Two umbrellas (preferably convertibles, but if not, then one shoot through and one reflective)
Decent light stands (the nano looks a little delicate to me.) The heavier the better. Photoflex Medium Weight light stands are about $85 and are plenty sturdy for strobe work. Looks like Manfrotto has some similar ones.
A 600 EX-Rt ($500 with rebate in the U.S.)
2 x 3 ft (approx) size pieces of foam core (one black and one white)
Manfrotto Swivel umbrella adapters (2 @ $38 each). 
A big bag of plastic clamps from Home Depot or Lowes or other home improvement store(about $15 for assorted sizes) Or you can pay at least three times that amount for the same thing from a photo store)
A few pieces of black and white card stock (8 1/2 by 11 or larger)
Big rubber bands.

You can use the ST-E2 to fire both the 430 EXII and the 600 EX-RT on optical. 

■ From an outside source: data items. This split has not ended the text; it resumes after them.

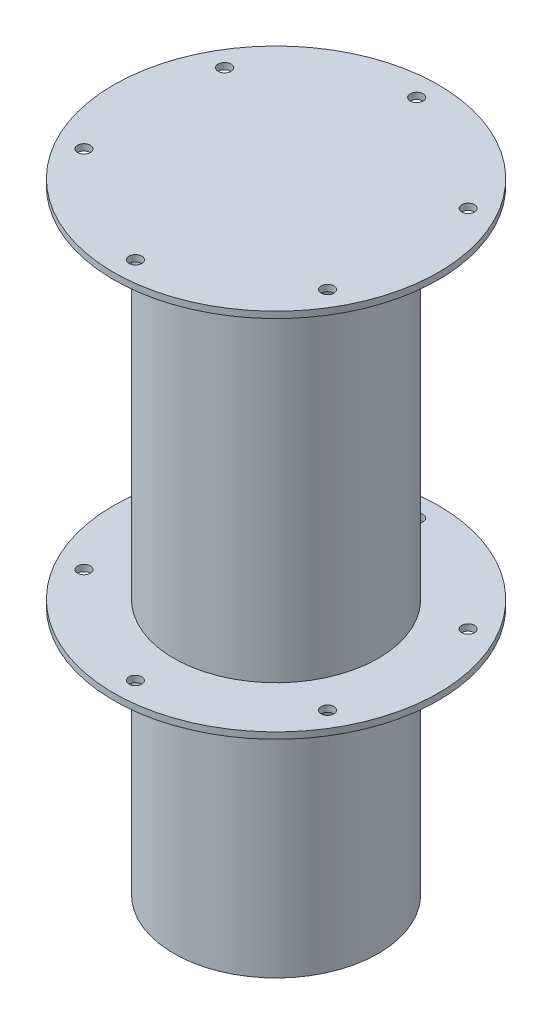
SolidWorks part; units mm, degrees
material "1060 Alloy"
ref_plane "Front Plane" through (0, 0, 0) normal (0, 0, 1) x (1, 0, 0)
ref_plane "Top Plane" through (0, 0, 0) normal (0, 1, 0) x (1, 0, 0)
ref_plane "Right Plane" through (0, 0, 0) normal (1, 0, 0) x (0, 0, -1)
sketch "Sketch1" plane through (0, 0, 0) normal (0, 0, 1) x (1, 0, 0)
  line L0 (0, -290.9908) -> (0, 411.7245) construction
  line L1 (-603.1552, 0) -> (651.163, 0) construction
  line L3 (101.6, 318.6092) -> (101.6, -36.9908)
  line L4 (101.6, -43.3408) -> (161.3582, -43.3408)
  line L5 (161.3582, -43.3408) -> (161.3582, -36.9908)
  line L6 (161.3582, -36.9908) -> (101.6, -36.9908)
  line L7 (101.6, -290.9908) -> (0, -290.9908)
  line L8 (101.6, -43.3408) -> (101.6, -290.9908)
  line L9 (0, 318.6092) -> (0, -290.9908)
  line L10 (101.6, 318.6092) -> (161.3582, 318.6092)
  line L11 (161.3582, 318.6092) -> (161.3582, 324.9592)
  line L12 (161.3582, 324.9592) -> (101.6, 324.9592)
  line L14 (101.6, 324.9592) -> (0, 324.9592)
  line L15 (0, 324.9592) -> (0, 318.6092)
  line L17 (0, -290.9908) -> (-0.9894, -290.842)
  dimension "D1" = 101.6
  dimension "D2" = 355.6
  dimension "D3" = 254
  dimension "D4" = 6.35
  dimension "D5" = 6.35
  dimension "D6" = 59.7582
  dimension "D7" = 59.7582
revolve "Revolve1" add sketch "Sketch1" angle 360 about L9
sketch "Sketch2" plane through (0, 324.9592, 0) normal (0, 1, 0) x (1, 0, 0)
  circle A0 centre (0, 0) radius 139.7
  circle A1 centre (0, 139.7) radius 6.35
  circle A2 centre (120.9837, 69.85) radius 6.35
  circle A3 centre (120.9837, -69.85) radius 6.35
  circle A4 centre (0, -139.7) radius 6.35
  circle A5 centre (-120.9837, -69.85) radius 6.35
  circle A6 centre (-120.9837, 69.85) radius 6.35
  point P18 (0, 0)
  dimension "D1" = 279.4
  dimension "D2" = 12.7
  dimension "D3" = 6
extrude "Cut-Extrude1" cut sketch "Sketch2" against normal through all contours A6 | A2 | A1 | A5 | A4 | A3
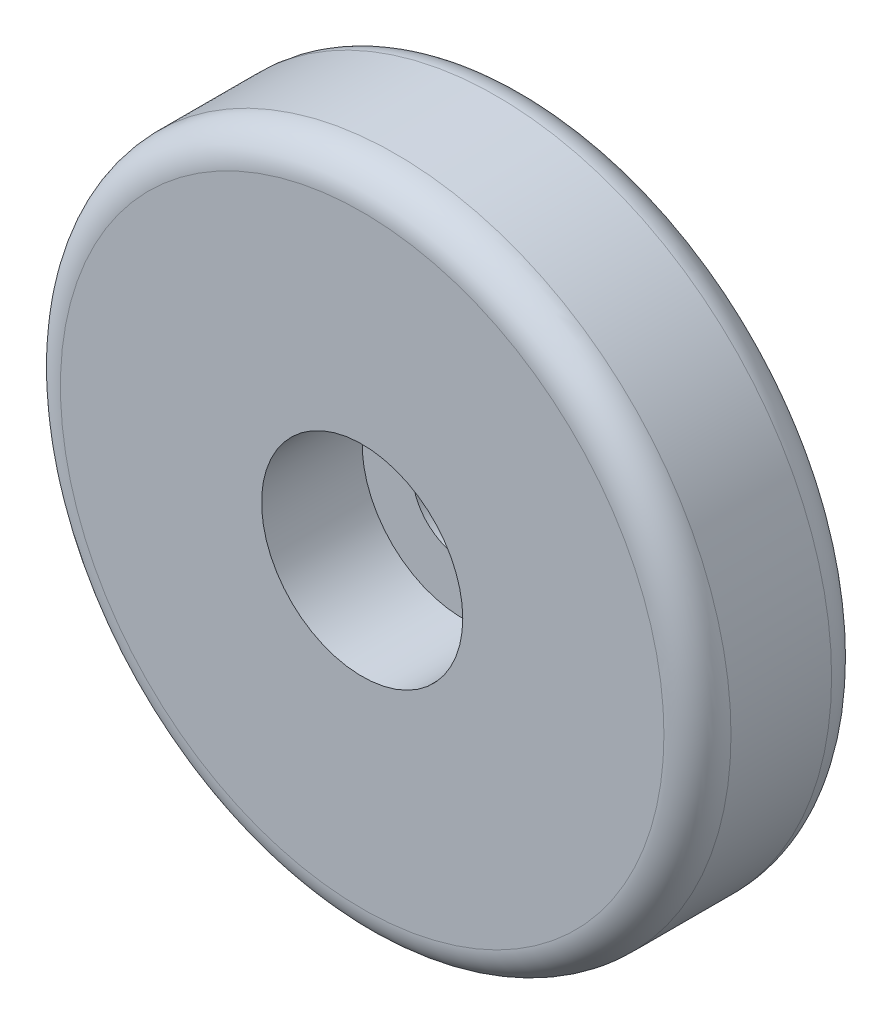
SolidWorks part; units mm, degrees
ref_plane "Plan de face" through (0, 0, 0) normal (0, 0, 1) x (1, 0, 0)
ref_plane "Plan de dessus" through (0, 0, 0) normal (0, 1, 0) x (1, 0, 0)
ref_plane "Plan de droite" through (0, 0, 0) normal (1, 0, 0) x (0, 0, -1)
sketch "Esquisse1" plane through (0, 0, 0) normal (0, 0, 1) x (1, 0, 0)
  circle A0 centre (0, 0) radius 10
  dimension "D1" = 20
extrude "Boss.-Extru.1" add sketch "Esquisse1" along normal blind 5
sketch "Esquisse2" plane through (0, 0, 5) normal (0, 0, 1) x (1, 0, 0)
  circle A0 centre (0, 0) radius 3
  dimension "D1" = 6
extrude "Enlèv. mat.-Extru.1" cut sketch "Esquisse2" against normal blind 3
sketch "Esquisse3" plane through (0, 0, 0) normal (1, 0, 0) x (0, 0, -1)
  line L0 (-2.5, 6.9317) -> (-2.5, -7.9321) construction
  line L1 (-5, 10) -> (-5, -10) construction
  line L2 (0, 10) -> (-5, 10) construction
  line L3 (-5, 10) -> (-5, -10)
  line L4 (0, 10) -> (-5, 10)
  line L5 (0, 10) -> (0, 9)
  arc A0 (-5, 9) -> (-4, 10) centre (-4, 9) cw
  arc A1 (0, 9) -> (-1, 10) centre (-1, 9) ccw
  dimension "D1" = 1
revolve "Enlèvement de matière-Révolution1" cut sketch "Esquisse3" angle 360 about axis through (0, 0, 5) along (0, 0, -1)
sketch "Esquisse9" plane through (0, 0, 0) normal (0, 0, -1) x (-1, 0, 0)
  circle A0 centre (0, 0) radius 1.5
  dimension "D1" = 3
extrude "Enlèv. mat.-Extru.2" cut sketch "Esquisse9" against normal blind 3
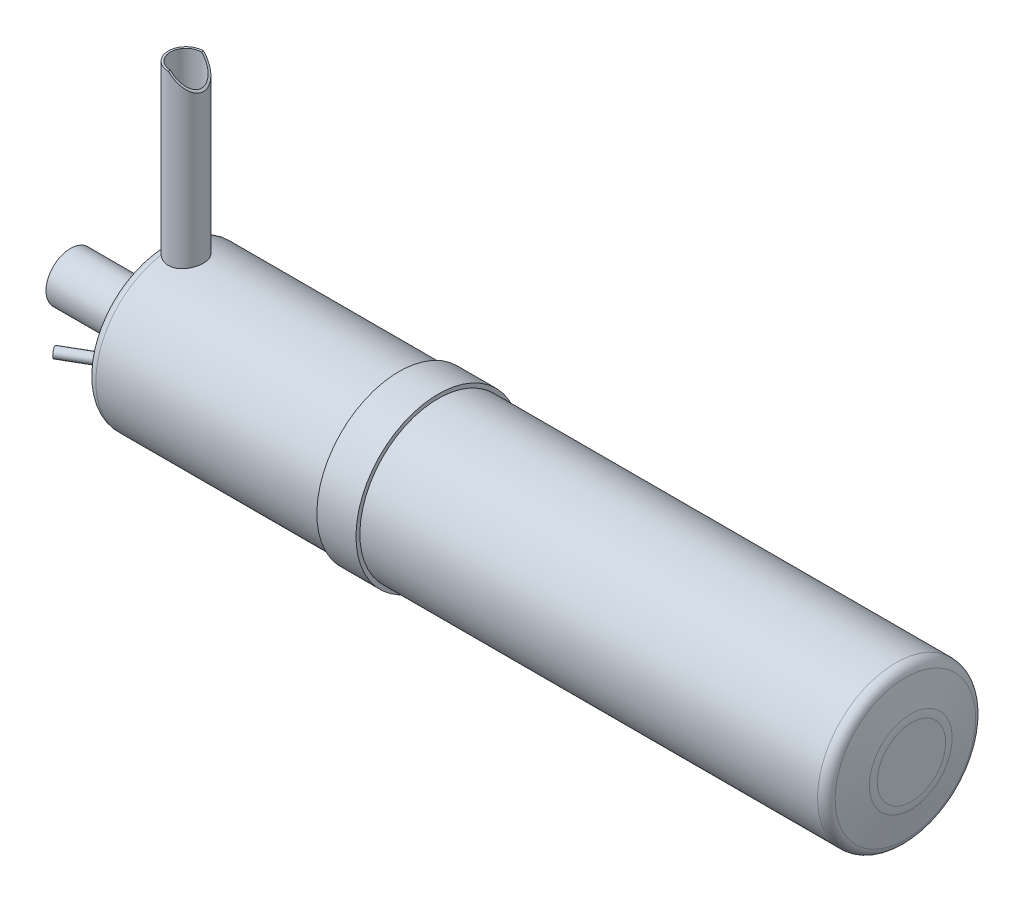
SolidWorks part; units mm, degrees
ref_plane "Front Plane" through (0, 0, 0) normal (0, 0, 1) x (1, 0, 0)
ref_plane "Top Plane" through (0, 0, 0) normal (0, 1, 0) x (1, 0, 0)
ref_plane "Right Plane" through (0, 0, 0) normal (1, 0, 0) x (0, 0, -1)
sketch "Sketch1" plane through (0, 0, 0) normal (0, 0, 1) x (1, 0, 0)
  line L0 (0, 0) -> (428, 0) construction
  line L1 (0, 12.5) -> (45, 12.5)
  line L2 (45, 12.5) -> (45, 15.8371)
  line L3 (45.2746, 19.1401) -> (48.0687, 35.8258)
  line L4 (53, 40) -> (168, 40)
  line L5 (168, 40) -> (168, 42)
  line L6 (168, 42) -> (188, 42)
  line L7 (188, 42) -> (188, 40)
  line L8 (188, 40) -> (422, 40)
  line L9 (426.9156, 35.915) -> (429.6622, 21.1602)
  line L10 (430, 17.5) -> (430, 0)
  line L11 (0, 12.5) -> (0, 10.5)
  line L12 (0, 10.5) -> (47, 10.5)
  line L13 (47, 10.5) -> (47, 15.8371)
  line L14 (430, 0) -> (428, 0)
  line L15 (428, 0) -> (428, 17.5)
  line L16 (47.2472, 18.8098) -> (50.0412, 35.4955)
  line L17 (53, 38) -> (422, 38)
  line L18 (427.696, 20.7942) -> (424.9493, 35.549)
  arc A0 (48.0687, 35.8258) -> (53, 40) centre (53, 35) cw
  arc A1 (422, 40) -> (426.9156, 35.915) centre (422, 35) cw
  arc A2 (45, 15.8371) -> (45.2746, 19.1401) centre (65, 15.8371) cw
  arc A3 (429.6622, 21.1602) -> (430, 17.5) centre (410, 17.5) cw
  arc A4 (47, 15.8371) -> (47.2472, 18.8098) centre (65, 15.8371) cw
  arc A5 (50.0412, 35.4955) -> (53, 38) centre (53, 35) cw
  arc A6 (428, 17.5) -> (427.696, 20.7942) centre (410, 17.5) ccw
  arc A7 (424.9493, 35.549) -> (422, 38) centre (422, 35) ccw
  point P23 (45, 17.5)
  dimension "D3" = 5
  dimension "D7" = 20
  dimension "D9" = 5
  dimension "D10" = 20
  dimension "D1" = 25
  dimension "D2" = 80
  dimension "D4" = 21
  dimension "D5" = 45
  dimension "D6" = 35
  dimension "D8" = 8
  dimension "D11" = 35
  dimension "D12" = 8
  dimension "D13" = 2
  dimension "D14" = 115
  dimension "D15" = 20
  dimension "D16" = 2
  dimension "D17" = 385
  dimension "D18" = 2
revolve "Revolve1" add sketch "Sketch1" angle 360 about L0
sketch "Sketch2" plane through (0, 0, 0) normal (0, 0, 1) x (1, 0, 0)
  line L0 (59.0687, 37) -> (59.0687, 125) construction
  line L1 (50.0687, 125) -> (50.0687, 37)
  line L2 (50.0687, 37) -> (51.0687, 37)
  line L3 (51.0687, 37) -> (51.0687, 125)
  line L4 (51.0687, 125) -> (50.0687, 125)
  line L6 (48.0687, -35.8258) -> (48.0687, 35.8258) construction
  line L7 (168, 40) -> (53, 40) construction
  line L8 (59.0687, 125) -> (51.0687, 125) construction
  line L9 (51.0687, 37) -> (59.0687, 37) construction
  dimension "D1" = 1
  dimension "D2" = 18
  dimension "D3" = 2
  dimension "D4" = 3
  dimension "D5" = 85
revolve "Revolve2" add sketch "Sketch2" angle 360 about L0
sketch "Sketch3" plane through (0, 0, 0) normal (0, 0, 1) x (1, 0, 0)
  line L0 (59.0687, 125) -> (68.0687, 125)
  line L1 (68.0687, 125) -> (50.0687, 125) construction
  line L2 (68.0687, 125) -> (68.0687, 116)
  line L3 (68.0687, 40) -> (68.0687, 125) construction
  line L4 (68.0687, 116) -> (59.0687, 125)
extrude "Cut-Extrude1" cut sketch "Sketch3" against normal mid plane 20
sketch "Sketch4" plane through (0, 0, 0) normal (0, 1, 0) x (1, 0, 0)
  line L0 (29.3511, -37.4829) -> (46.6716, -27.4829) construction
  line L1 (45.2746, -19.1401) -> (48.0687, -35.8258) construction
  line L2 (0, -12.5) -> (45, -12.5) construction
  line L3 (49.1537, -27.782) -> (30.1011, -38.782)
  line L4 (30.1011, -38.782) -> (30.6011, -39.648)
  line L5 (30.6011, -39.648) -> (49.6537, -28.648)
  line L6 (49.6537, -28.648) -> (49.1537, -27.782)
  line L7 (29.3511, -37.4829) -> (30.1011, -38.782) construction
  dimension "D1" = 30
  dimension "D2" = 1
  dimension "D3" = 5
  dimension "D4" = 20
  dimension "D5" = 22
revolve "Revolve3" add sketch "Sketch4" angle 360 about L0

This will give you a nice two light setup.

The foam core can be used as light modifiers. (Use the white on the opposite site of the strobe to soften shadows, use the black to keep the light off of things)
The plastic clamps to hold up backdrops or attach the foam core to a light stand.
The white cardstock as a flag to bounce light from the strobe. The Black cardstock to form a snoot.

Don't buy the Yongnuo transmitters. Since you don't have much invested in your current setup, you might as well start transitioning to the 600 RT system. You can use it on optical until you've accumulated enough of them to switch over to RT (and believe me, you will accumulate more of them). At that point you can sell the 400 EX and the St-E2 and probably have almost enough to get a ST-E3 RT. No point in throwing good money after bad.

Don't waste your money on the cheapo umbrella brackets, they don't hold things in place and the locking nuts strip the plastic out after a few uses. The Manfrottos are metal and very sturdy. There are other brands, just be sure they are metal and heavy. 

You can use your 70-200 for all the portraits. No need to get another lens. 

This may be a bit over your budget, but with careful shopping it will be close.


----------



## RLPhoto (Nov 15, 2013)

I would buy a stand, Bracket and an bounce/shoot through umbrella. Then head to amazon and buy a set of el cheapo cowboy manual triggers. This should cost around 70$ for every thing and you can start with the 430II off-camera to get the handle on balancing ambient/flash exposure.

Once you've done that, Buy whatever suits your fancy because by then you'll know what you'd like to do.


----------